» EXERCISE DIRECTIONS: From the line containing "durch die Tür?" down to the line containing "Data Type Conversion : DataTypeConversion" in the records below, reproduce every line exactly, ends included, and omit all others.

» PROVIDED INFORMATION:
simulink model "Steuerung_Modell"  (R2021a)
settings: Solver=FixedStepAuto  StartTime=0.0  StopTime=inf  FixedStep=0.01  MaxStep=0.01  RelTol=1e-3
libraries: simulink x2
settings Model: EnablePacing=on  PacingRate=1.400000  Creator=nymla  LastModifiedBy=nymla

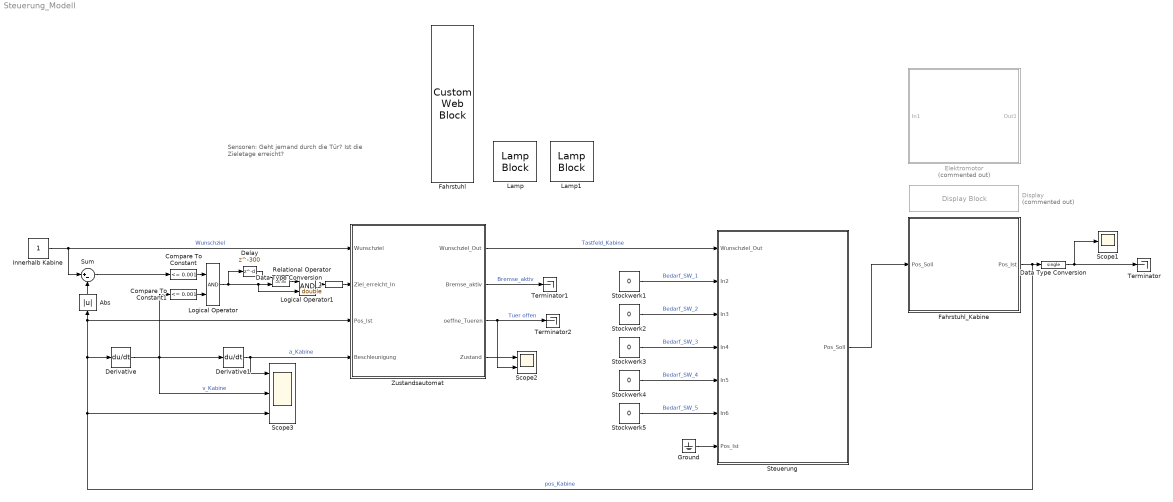
== system Steuerung_Modell ==
  note: Sensoren:
      | Geht jemand durch die Tür?
      | Ist die Zieletage erreicht?
  Abs : Abs
  Compare To Constant : simulink/Logic and Bit Operations/Compare To Constant  relop=<=  const=0.001  OutDataTypeStr=boolean
  Compare To Constant1 : simulink/Logic and Bit Operations/Compare To Constant  relop=<=  const=0.001  OutDataTypeStr=boolean
  Data Type Conversion : DataTypeConversion  OutDataTypeStr=single  RndMeth=Round
  Data Type Conversion1 : DataTypeConversion  OutDataTypeStr=double
  Delay : Delay  DelayLength=300  InitialCondition=1
  Derivative : Derivative
  Derivative1 : Derivative
  Display : DisplayBlock  Commented=on  LabelPosition=Hide  Format=short  Transparency=1
  Elektromotor : Subsystem  Commented=on
  Fahrstuhl : CustomWebBlock  LabelPosition=Hide  ShowInitialText=on  Configuration="{\"components\":[{\"name\":\"LinearScaleComponent\",\"settings\":{\"bounds\":{\"max\":5,\"min\":0,\"tickInterval\":\"auto\"},\"internalTickHeightScaleFactor\":0.5,\"labelColor\":[255,255,200],\"labelFont\":{\"font\":\"Arial\",\"fontSize\":12},\"labelTransparency\":1,\"needleImage\":{\"size\":[21,75],\"src\":\"data:image\\/svg+xml;base64,PHN2ZyB4bWxucz0iaHR0cDovL3d3dy53My5vcmcvMjAwMC9zdmciIHhtbG5zOnhsaW5rPSJodHRwOi8vd3d3LnczLm9yZy8xOTk5L3hsaW5rIiB2aWV3Qm94PSIwIDAgMjEgNzUiPjxkZWZzPjxzdHlsZT4uY2xzLTF7ZmlsbDpub25lO30uY2xzLTJ7aXNvbGF0aW9uOmlzb2xhdGU7fS5jbHMtM3tjbGlwLXBhdGg6dXJsKCNjbGlwLXBhdGgpO30uY2xzLTR7b3BhY2l0eTowLjM7bWl4LWJsZW5kLW1vZGU6bXVsdGlwbHk7fS5jbHMtNXtmaWxsOiNlYjI2Mjk7fTwvc3R5bGU+PGNsaXBQYXRoIGlkPSJjbGlwLXBhdGgiIHRyYW5zZm9y ...(+1928 chars)\",\"srcOrientation\":\"horizontal\"},\"needleOffset\":[-0.01094391244870041,0],\"needleSize\":{\"height\":0.11960078534031414,\"width\":0.7589285714285714},\"position\":[0.015887605042016806,0.06986607142857143,0.8,0.9641544117647058],\"scaleColors\":[],\"scaleColorsSize\":0.2,\"showLabels\":1,\"showMinorTicks\":0,\"showSpanLine\":1,\"showTicks\":1,\"tickColor\":[252,252,197],\"tickTransparency\":1,\"valueBarColor\":[23,89,176],\"valueBarOffset\":0,\"valueBarSize\":0.23,\"valueBarTransparency\":1}},{\"name\":\"BackgroundImageComponent\",\"settings\":{\"image\":{\"size\":[101,380],\"src\":\"data:image\\/svg+xml;base64,PHN2ZyB4bWxucz0iaHR0cDovL3d3dy53My5vcmcvMjAwMC9zdmciIHZpZXdCb3g9IjAgMCAxMDEgMzgwIj48ZGVmcz48c3R5bGU+LmNscy0xe2ZpbGw6IzAwMmI0Mjt9LmNscy0ye2ZpbGw6IzQyNzA4Mjt9LmNscy0ze2ZpbGw6IzdjYTBiMjt9PC9zdHlsZT48L2RlZnM+PHRpdGxlPnZlcnRpY2FsX2dhdWdlX2JhY2tncm91bmRfMTwvdGl0bGU+PGcgaWQ9IkxheWVyXzIiIGRhdGEtbmFtZT0iTGF5ZXIgMiI+PGcgaWQ9IkxheWVyXzEtMiIgZGF0YS1uYW1lPSJMYXllciAxIj48cmVjdCBjbGFzcz0iY2xzLTEiIHg9IjExIiB5PSIxMSIgd2lkdGg9Ijc5IiBoZWlnaHQ9IjM1OCIvPjxwYXRoIGNsYXNzPSJjbHMtMiIgZD0iTTkzLDhIOFYzNzJIOTNaTTExLDM2OVYxMUg5MFYzNjlaIi8+PHBhdGggY2xhc3M9ImNscy0zIiBkPSJNMTAxLDBIMFYzODBIMTAxWk04LDM3MlY4SDkzVjM3MloiLz48L2c+PC9nPjwvc3ZnPg==\",\"srcOrientation\":\"vertical\"},\"position\":[0,0,1,1],\"scaleMode\":\"0\"}},{\"name\":\"ForegroundImageComponent\",\"settings\":{\"image\":{\"size\":[0,0],\"src\":\"default\",\"srcOrientation\":[]},\"isForeground\":1,\"position\":[0,0,1,1],\"scaleMode\":\"0\"}}],\"settings\":{\"BindingType\":\"signal\",\"backgroundColor\":[0,0,0,\"1\"],\"backgroundOffset\":0,\"backgroundOpacity\":1,\"fixedAspectRatio\":\"on\",\"orientation\":\"vertical\",\"showBackgroundColor\":false,\"value\":0},\"type\":\"LinearGauge\"}"
  Fahrstuhl_Kabine : Subsystem
  Ground : Ground
  Innerhalb Kabine : Constant
  Lamp : LampBlock
  Lamp1 : LampBlock
  Logical Operator : Logic  AllPortsSameDT=off  OutDataTypeStr=boolean
  Logical Operator1 : Logic  AllPortsSameDT=off  OutDataTypeStr=boolean
  Relational Operator : RelationalOperator  Operator===  OutDataTypeStr=boolean  RndMeth=Simplest
  Scope1 : Scope
  Scope2 : Scope  NumInputPorts=2
  Scope3 : Scope  NumInputPorts=3
  Steuerung : Subsystem
  Stockwerk{1..5} (5 alike) : Constant  Value=0  OutDataTypeStr=boolean
  Sum : Sum  Inputs=|+-
  Terminator : Terminator
  Terminator1 : Terminator
  Terminator2 : Terminator
  Zustandsautomat : Stateflow chart  TreatAsAtomicUnit=on
      settings: PortSchema="{\"entries\":[{\"content\":{\"sides\":[{\"content\":{\"connectorIds\":[\"In4\",\"In2\",\"In1\",\"In3\"]},\"type\":\"ConnectorPlacement.EquallySpacedRectSide\",\"uuid\":\"96fb556c-ec10-4e34-b155-53f407309d43\"},{\"content\":{\"connectorIds\":[\"Out1\",\"Out2\",\"Out3\",\"Out4\"],\"side\":\"RIGHT\"},\"type\":\"ConnectorPlacement.EquallySpacedRectSide\",\"uuid\":\"cdc6e48a-25d0-4f93-b91a-6f418b4d8265\"},{\"content\":{\"connectorIds\":[],\"side\":\"TOP\"},\"type\":\"ConnectorPlacement.EquallySpacedRectSide\",\"uuid\":\"e64fd8ee-8f58-4024-8019-4a3f9d2aa8c2\"}]},\"type\":\"ConnectorPlacement.EquallySpacedConnector\",\"uuid\":\"deee374e-55c7-4498-8a28-192f5d0177c0\"}],\"packageUris\":[\"http://schema.mathworks.com/mf0/Connector/R2020b\"],\"version\":\"1.0\"}"
  wires:
  Zustandsautomat/1(Wunschziel_Out) -> Steuerung/1(Wunschziel_Out)  "Tastfeld_Kabine"
  Steuerung/1(Pos_Soll) -> Fahrstuhl_Kabine/1(Pos_Soll)
  Fahrstuhl_Kabine/1(Pos_Ist) -> Derivative/1, Zustandsautomat/1(Pos_Ist), Abs/1, Scope3/3, Data Type Conversion/1  "pos_Kabine"
  Data Type Conversion/1 -> Scope1/1, Terminator/1
  Stockwerk2/1 -> Steuerung/3(In3)  "Bedarf_SW_2"
  Stockwerk3/1 -> Steuerung/4(In4)  "Bedarf_SW_3"
  Stockwerk4/1 -> Steuerung/5(In5)  "Bedarf_SW_4"
  Stockwerk5/1 -> Steuerung/6(In6)  "Bedarf_SW_5"
  Stockwerk1/1 -> Steuerung/2(In2)  "Bedarf_SW_1"
  Innerhalb Kabine/1 -> Zustandsautomat/4(Wunschziel), Sum/1  "Wunschziel"
  Derivative/1 -> Scope3/2, Derivative1/1, Compare To Constant1/1  "v_Kabine"
  Derivative1/1 -> Zustandsautomat/3(Beschleunigung), Scope3/1  "a_Kabine"
  Zustandsautomat/4(Zustand) -> Scope2/1
  Sum/1 -> Compare To Constant/1
  Compare To Constant/1 -> Logical Operator/1
  Compare To Constant1/1 -> Logical Operator/2
  Logical Operator/1 -> Relational Operator/2, Logical Operator1/2, Delay/1
  Abs/1 -> Sum/2
  Zustandsautomat/2(Bremse_aktiv) -> Terminator1/1  "Bremse_aktiv"
  Zustandsautomat/3(oeffne_Tueren) -> Terminator2/1, Scope2/2  "Tuer offen"
  Delay/1 -> Relational Operator/1
  Relational Operator/1 -> Logical Operator1/1
  Data Type Conversion1/1 -> Zustandsautomat/2(Ziel_erreicht_In)
  Logical Operator1/1 -> Data Type Conversion1/1
  Ground/1 -> Steuerung/7(Pos_Ist)

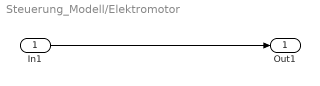
== system Steuerung_Modell/Elektromotor ==
  In1 : Inport
  Out1 : Outport
  wires:
  In1/1 -> Out1/1

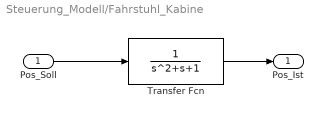
== system Steuerung_Modell/Fahrstuhl_Kabine ==
  Pos_Soll : Inport
  Transfer Fcn : TransferFcn  Denominator=[1 1 1]
  Pos_Ist : Outport
  wires:
  Pos_Soll/1 -> Transfer Fcn/1
  Transfer Fcn/1 -> Pos_Ist/1

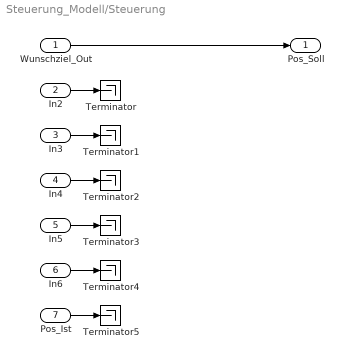
== system Steuerung_Modell/Steuerung ==
  Wunschziel_Out : Inport
  In2 : Inport  Port=2
  In3 : Inport  Port=3
  In4 : Inport  Port=4
  In5 : Inport  Port=5
  In6 : Inport  Port=6
  Pos_Ist : Inport  Port=7
  Terminator{,1..5} (6 alike) : Terminator
  Pos_Soll : Outport
  wires:
  Wunschziel_Out/1 -> Pos_Soll/1
  In2/1 -> Terminator/1
  In3/1 -> Terminator1/1
  In5/1 -> Terminator3/1
  In4/1 -> Terminator2/1
  Pos_Ist/1 -> Terminator5/1
  In6/1 -> Terminator4/1

== stateflow chart Steuerung_Modell/Zustandsautomat ==
  state Fahrstuhl_wartet
    entry:
    Bremse_aktiv = 1;
    Wunschziel_Out = Wunschziel;
    Zustand = 1;
    Ziel_erreicht = Ziel_erreicht_In;
    during:
    Wunschziel_Out = Wunschziel;
  state Tuer_schliessen
    entry:
    oeffne_Tueren=0;
    Zustand = 8;
  state Kabine_beschleunigt
    entry:
    Ziel_erreicht = 0;
    Zustand = 2;
    Bremse_aktiv = 0;
  state Kabine_am_Ziel
    entry:
    Bremse_aktiv = 1;
    Zustand = 6;
    % Hier könnten wir die Bremse
    % entweder aktivieren oder das
    % Signal zum Bremsen geben
  state Tuer_oeffnet
    entry:
    oeffne_Tueren=1;
    Zustand = 7;
  state Kabine_in_Fahrt
    entry:
    Zustand = 3;
  state Schleichfahrt
    entry:
    Zustand = 5;
    Ziel_erreicht = Ziel_erreicht_In;
  state Kabine_bremst_ab
    entry:
    Zustand = 4;
  (default) -> Fahrstuhl_wartet
  Fahrstuhl_wartet -> (junction 81) [order 3]
  Fahrstuhl_wartet -> (junction 89) [order 4]
  Fahrstuhl_wartet -> Fahrstuhl_wartet [order 2] : [Ziel_erreicht ~= Ziel_erreicht_In]
  Fahrstuhl_wartet -> Kabine_beschleunigt [order 1] : [Ziel_erreicht==0]
  Tuer_schliessen -> Fahrstuhl_wartet : after(2,sec)
  Tuer_oeffnet -> Tuer_schliessen : after(15,sec)
  Kabine_beschleunigt -> Kabine_beschleunigt [order 1] : [Beschleunigung>0.1]
  Kabine_beschleunigt -> Kabine_in_Fahrt [order 2] : [Beschleunigung<0.1]
  Kabine_am_Ziel -> Tuer_oeffnet : after(2,sec)
  Schleichfahrt -> Kabine_am_Ziel [order 1] : [Ziel_erreicht==1]
  Kabine_in_Fahrt -> Kabine_in_Fahrt [order 1] : [Beschleunigung<0.1 && Beschleunigung>0]
  Schleichfahrt -> Schleichfahrt [order 2] : [Beschleunigung>-0.1 && Beschleunigung<0.1]
  Kabine_in_Fahrt -> Kabine_bremst_ab [order 2] : [Beschleunigung<-0.001]
  Kabine_bremst_ab -> Kabine_bremst_ab [order 1] : [Beschleunigung<-0.1]
  Kabine_bremst_ab -> Schleichfahrt [order 2] : [Beschleunigung>-0.1 && Beschleunigung<0.1]
  data: Wunschziel_Out output; Pos_Ist input; Ziel_erreicht_In input double; Beschleunigung input; Ziel_erreicht local; Bremse_aktiv output; oeffne_Tueren output; Wunschziel input; Zustand output

» ANSWER BELOW:
      | Geht jemand durch die Tür?
      | Ist die Zieletage erreicht?
  Abs : Abs
  Compare To Constant : simulink/Logic and Bit Operations/Compare To Constant  relop=<=  const=0.001  OutDataTypeStr=boolean
  Compare To Constant1 : simulink/Logic and Bit Operations/Compare To Constant  relop=<=  const=0.001  OutDataTypeStr=boolean
  Data Type Conversion : DataTypeConversion  OutDataTypeStr=single  RndMeth=Round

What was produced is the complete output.